"Ох, ему и всыпали по первое, по дерьму, спеленутого, волоком…"

"... Праведные суки, брызжа пеною,
Обзывали жуликом и поллоком!"


55 лет назад советские люди отказывались признавать мазню за искусство:
«Борис Бурков  
Впервые в Нью-Йорке
…Альфред Барр – директор Нью-йоркского музея современного искусства – приятный собеседник. Говорит он горячо, со знанием дела ведет беседу о поэзии, живописи. Альфред Барр хорошо знаком с русским искусством. Он был в Третьяковской галерее, называет свои любимые полотна. Разговор о реалистических произведениях был недолгим, тем более, что в Нью-йоркском музее их почти не было. Спор разгорелся у полотна, названного художником Поллоком «№ 1». Другого названия нет. Просто «номер один».
Пока директор музея развивал идею «картины», к нам подходила молодежь и с интересом прислушивалась. Девушки и юноши были студентами, и, видно, из тех, которые начинают понимать подлинный смысл правды и лжи. Не зря во многих американских университетах студенчество стали подозревать в «неблагонадежности».
Советские журналисты прямо сказали, что они отказываются признавать мазню за искусство.
- Ведь нередко, - сказал кто-то из нас, - за произведения живописи шарлатаны выдают трехминутное «творчество» пульверизатора.
Молодежь соглашается с нами. Раздался дружный и очень, особенно для музея, громкий смех, когда рассказали случай с Луначарским, которому один художник предлагал «картину» за большую сумму. «Какая же это картина?» На белой бумаге стояла лишь большая точка. «Эх, Анатолий Васильевич,- сказал художник, - не знаете вы, сколько недель и месяцев думал я, где поставить эту точку!»
Недалеко от Сан-Франциско, на берегу океана, расположен небольшой городок, где живут художники. В плавучем ресторанчике мы обратили внимание на две больших доски для объявлений: одна фанера была окрашена в оранжевый цвет, другая – в серый, с коричневыми подтеками. У одной мелом на стене было написано 500, у другой – 450. Эти цифры нам показались какими-то объявлениями, которые должны быть написаны на самих досках. Но эти две фанеры оказались картинами.
-Одну вы можете купить за 500 долларов, другую – за 450,- объяснил нам Альберт Кан.
Жена его Риетт поведала о том, что все-таки кое-кто такие «доски для объявлений» покупает.
Скажу откровенно, что до поездки в Америку представление о ее молодежи у меня связывалось с рок-н-роллом и абстрактной живописью. Правда, знал я и о настроениях студенчества, протестующего против кабалы золотого мешка, против душевного растления. Несколько дней, проведенных в США, особенно в университетах, на стадионах, ряд встреч с молодежью порадовали меня и моих товарищей.

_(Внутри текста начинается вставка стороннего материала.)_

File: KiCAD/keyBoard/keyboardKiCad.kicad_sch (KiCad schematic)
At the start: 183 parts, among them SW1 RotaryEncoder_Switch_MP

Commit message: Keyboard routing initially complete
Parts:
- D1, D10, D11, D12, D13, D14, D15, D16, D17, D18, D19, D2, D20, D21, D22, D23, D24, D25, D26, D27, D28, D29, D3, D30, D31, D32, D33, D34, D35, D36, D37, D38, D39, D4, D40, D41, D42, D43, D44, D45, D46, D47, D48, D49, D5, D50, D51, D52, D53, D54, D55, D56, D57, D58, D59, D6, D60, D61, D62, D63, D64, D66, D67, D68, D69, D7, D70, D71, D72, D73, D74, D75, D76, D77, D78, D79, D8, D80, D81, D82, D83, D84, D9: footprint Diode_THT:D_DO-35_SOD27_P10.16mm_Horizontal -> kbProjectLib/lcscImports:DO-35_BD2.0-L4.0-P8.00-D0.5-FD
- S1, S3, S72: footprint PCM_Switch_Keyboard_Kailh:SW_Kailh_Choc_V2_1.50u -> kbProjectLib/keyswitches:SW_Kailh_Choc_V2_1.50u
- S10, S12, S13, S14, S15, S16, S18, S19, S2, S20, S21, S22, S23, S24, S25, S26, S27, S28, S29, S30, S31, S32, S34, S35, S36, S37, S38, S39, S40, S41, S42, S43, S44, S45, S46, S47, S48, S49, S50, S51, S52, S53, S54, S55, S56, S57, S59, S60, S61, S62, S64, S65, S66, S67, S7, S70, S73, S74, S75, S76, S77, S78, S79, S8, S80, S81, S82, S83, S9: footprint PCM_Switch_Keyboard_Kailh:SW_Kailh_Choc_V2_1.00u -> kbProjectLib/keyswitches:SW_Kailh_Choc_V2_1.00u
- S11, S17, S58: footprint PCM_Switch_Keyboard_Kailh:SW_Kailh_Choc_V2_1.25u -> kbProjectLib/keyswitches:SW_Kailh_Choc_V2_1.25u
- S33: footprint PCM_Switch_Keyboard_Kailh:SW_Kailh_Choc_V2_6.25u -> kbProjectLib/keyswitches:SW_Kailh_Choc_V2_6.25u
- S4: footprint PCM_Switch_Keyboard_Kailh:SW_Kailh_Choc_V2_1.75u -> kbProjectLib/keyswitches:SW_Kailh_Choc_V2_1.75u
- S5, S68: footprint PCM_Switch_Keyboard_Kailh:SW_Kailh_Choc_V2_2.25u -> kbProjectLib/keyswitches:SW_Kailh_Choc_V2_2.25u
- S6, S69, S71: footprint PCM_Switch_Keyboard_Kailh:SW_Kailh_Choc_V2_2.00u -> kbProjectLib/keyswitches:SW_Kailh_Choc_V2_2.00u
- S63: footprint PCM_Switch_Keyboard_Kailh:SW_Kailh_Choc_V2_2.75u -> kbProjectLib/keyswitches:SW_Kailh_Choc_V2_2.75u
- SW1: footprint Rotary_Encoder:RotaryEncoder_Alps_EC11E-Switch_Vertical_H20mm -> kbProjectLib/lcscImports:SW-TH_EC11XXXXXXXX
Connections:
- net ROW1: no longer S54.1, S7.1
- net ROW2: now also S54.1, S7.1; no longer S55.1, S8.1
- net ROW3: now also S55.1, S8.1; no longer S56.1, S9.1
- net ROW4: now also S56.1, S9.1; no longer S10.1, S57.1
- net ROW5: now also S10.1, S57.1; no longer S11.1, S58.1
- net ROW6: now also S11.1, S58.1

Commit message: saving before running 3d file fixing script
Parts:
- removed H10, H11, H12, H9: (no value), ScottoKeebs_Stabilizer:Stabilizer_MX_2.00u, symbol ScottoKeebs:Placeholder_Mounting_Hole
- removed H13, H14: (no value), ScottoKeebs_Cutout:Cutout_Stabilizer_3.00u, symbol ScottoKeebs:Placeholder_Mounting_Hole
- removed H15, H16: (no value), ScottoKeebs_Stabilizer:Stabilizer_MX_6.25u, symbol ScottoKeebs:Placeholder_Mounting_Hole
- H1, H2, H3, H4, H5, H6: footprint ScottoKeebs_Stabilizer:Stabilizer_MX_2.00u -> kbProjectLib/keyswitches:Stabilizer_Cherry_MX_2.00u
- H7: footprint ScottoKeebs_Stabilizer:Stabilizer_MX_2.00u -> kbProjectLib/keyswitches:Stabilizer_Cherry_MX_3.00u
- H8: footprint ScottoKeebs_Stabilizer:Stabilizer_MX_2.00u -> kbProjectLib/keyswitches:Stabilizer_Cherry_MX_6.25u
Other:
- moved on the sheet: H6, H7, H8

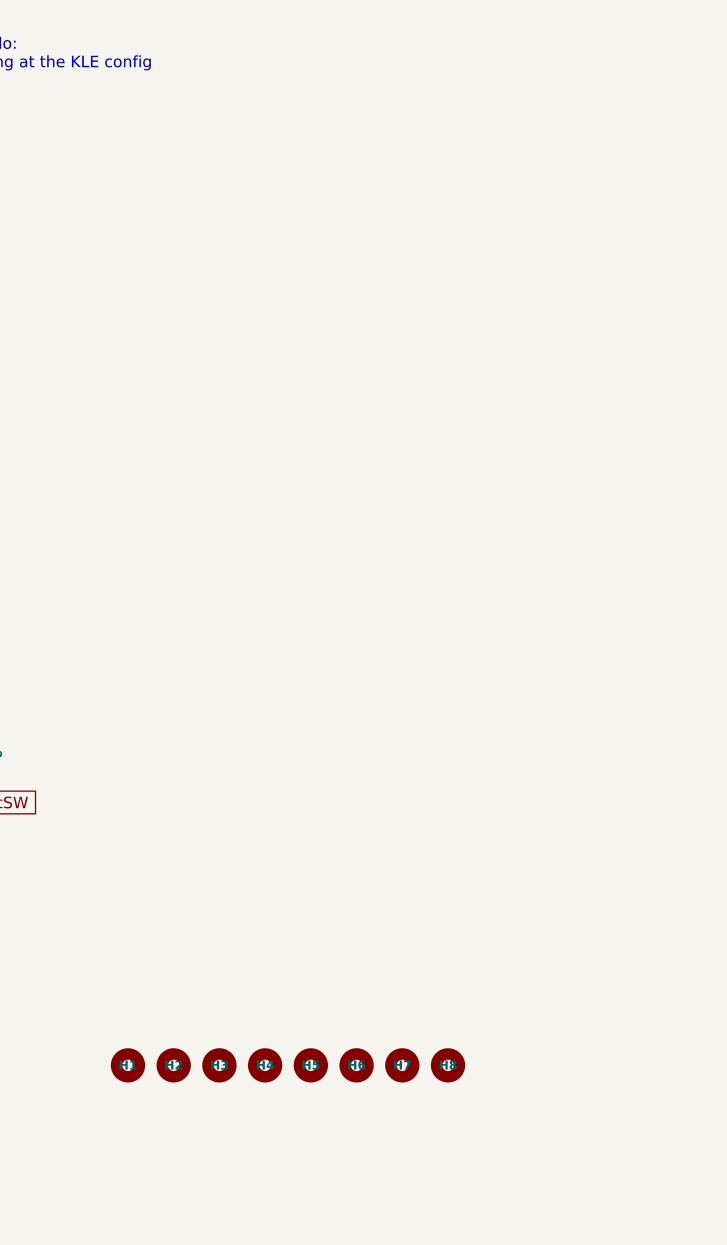
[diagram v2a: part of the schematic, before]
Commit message: MCU board has been mounted on to the keyboard PCB. Need to check if spacing is appropriate irl using calipers. Then do mounting holes using star point grounding due to use with metal chassis. ie seperate net found mounting and ground pours, which only connect at the MCU pin.
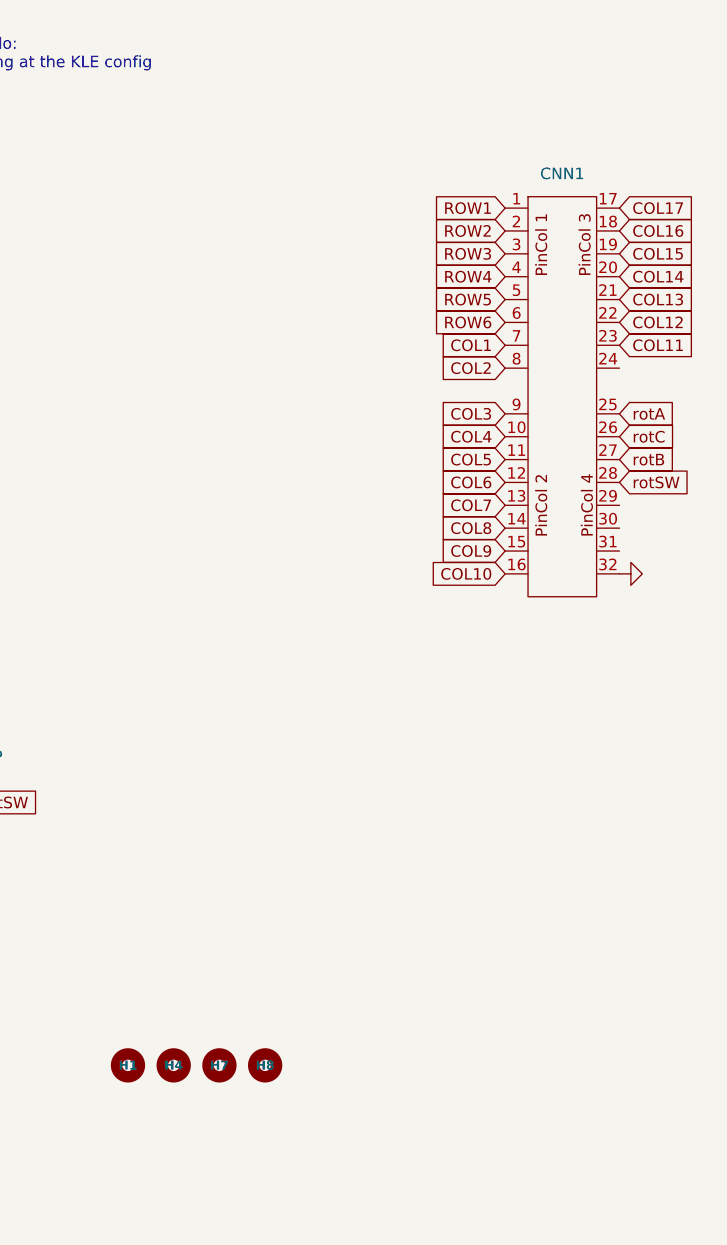
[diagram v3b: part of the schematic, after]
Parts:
- removed H2, H3, H5, H6: (no value), kbProjectLib/keyswitches:Stabilizer_Cherry_MX_2.00u, symbol ScottoKeebs:Placeholder_Mounting_Hole
- added CNN1: (no value), kbProjectLib/mcuConnector:keyboardMCU_Connector, symbol mcuConnector:keyboardMCU_Connector
- D1, D10, D11, D12, D13, D14, D15, D16, D17, D18, D19, D2, D20, D21, D22, D23, D24, D25, D26, D27, D28, D29, D3, D30, D31, D32, D33, D34, D35, D36, D37, D38, D39, D4, D40, D41, D42, D43, D44, D45, D46, D47, D48, D49, D5, D50, D51, D52, D53, D54, D55, D56, D57, D58, D59, D6, D60, D61, D62, D63, D64, D66, D67, D68, D69, D7, D70, D71, D72, D73, D74, D75, D76, D77, D78, D79, D8, D80, D81, D82, D83, D84, D9: LCSC Part (none) -> C258182
- SW1: LCSC Part (none) -> C470742
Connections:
- net COL1: now also CNN1.7
- net COL10: now also CNN1.16
- net COL11: now also CNN1.23
- net COL12: now also CNN1.22
- net COL13: now also CNN1.21
- net COL14: now also CNN1.20
- net COL15: now also CNN1.19
- net COL16: now also CNN1.18
- net COL17: now also CNN1.17
- net COL2: now also CNN1.8
- net COL3: now also CNN1.9
- net COL4: now also CNN1.10
- net COL5: now also CNN1.11
- net COL6: now also CNN1.12
- net COL7: now also CNN1.13
- net COL8: now also CNN1.14
- net COL9: now also CNN1.15
- net GND: now also CNN1.32
- net ROW1: now also CNN1.1
- net ROW2: now also CNN1.2
- net ROW3: now also CNN1.3
- net ROW4: now also CNN1.4
- net ROW5: now also CNN1.5
- net ROW6: now also CNN1.6
- net rotA: now also CNN1.25
- net rotB: now also CNN1.27
- net rotC: now also CNN1.26
- net rotSW: now also CNN1.28
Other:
- moved on the sheet: H4, H7, H8

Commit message: Finished routing, including chassis grounding. One thing, I might need SWD for the MCU. QMK should be able to use USB though. Need to check this.
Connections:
- net GND: now also SW1.E; no longer SW1.S2
- net rotSW: now also SW1.D; no longer SW1.S1
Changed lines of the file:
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@@
 		(pin "MP"
 		)
-		(pin "S2"
+		(pin "D"
 		)
 		(pin "C"
@@
 		(pin "B"
 		)
-		(pin "S1"
+		(pin "E"
 		)
 		(instances

Мне посчастливилось в Нью-Йорке присутствовать на концерте ансамбля Игоря Моисеева. Я очень тогда хотел, чтобы в театре было больше советских людей, чтобы они могли видеть и чувствовать особое уважение к нашей стране, восхищение нашим искусством.
Концерт начался поэтическим танцем «Снегурочка». Артисты вызывали шумное одобрение не только в конце танца, но очень часто и во время танца. Особый успех имели «Партизаны», гопак, русская пляска. Невозможно назвать ни одного танца, не имевшего успеха. А потом, как бы вне программы, ансамбль исполнил пародии на рок-н-ролл. Трудно представить себе, что творилось в зрительном зале. Более трех с половиной тысяч американцев стоя приветствовали советских танцоров. Печать тоже высоко оценила выступления ансамбля.
Из театра мы шли пешком. Рестораны были полны. Подвыпившие дамы снимали туфли и пытались танцевать босыми. Такие сценки мы видели потом и в ресторане нашего отеля. У одного кинотеатра висел антисоветский плакат, оскорбляющий наш народ. Рядом с петлей на шее был изображен Фидель Кастро.
Вот так в один день, в один час мы видели как бы две Америки. От одной веет дружбой, радушием, гостеприимством, от другой – животным страхом за свое будущее, ненавистью к правде, справедливости, человеческому достоинству…»
("Огонек", 1961, № 26 (25, июнь), с. 28-29).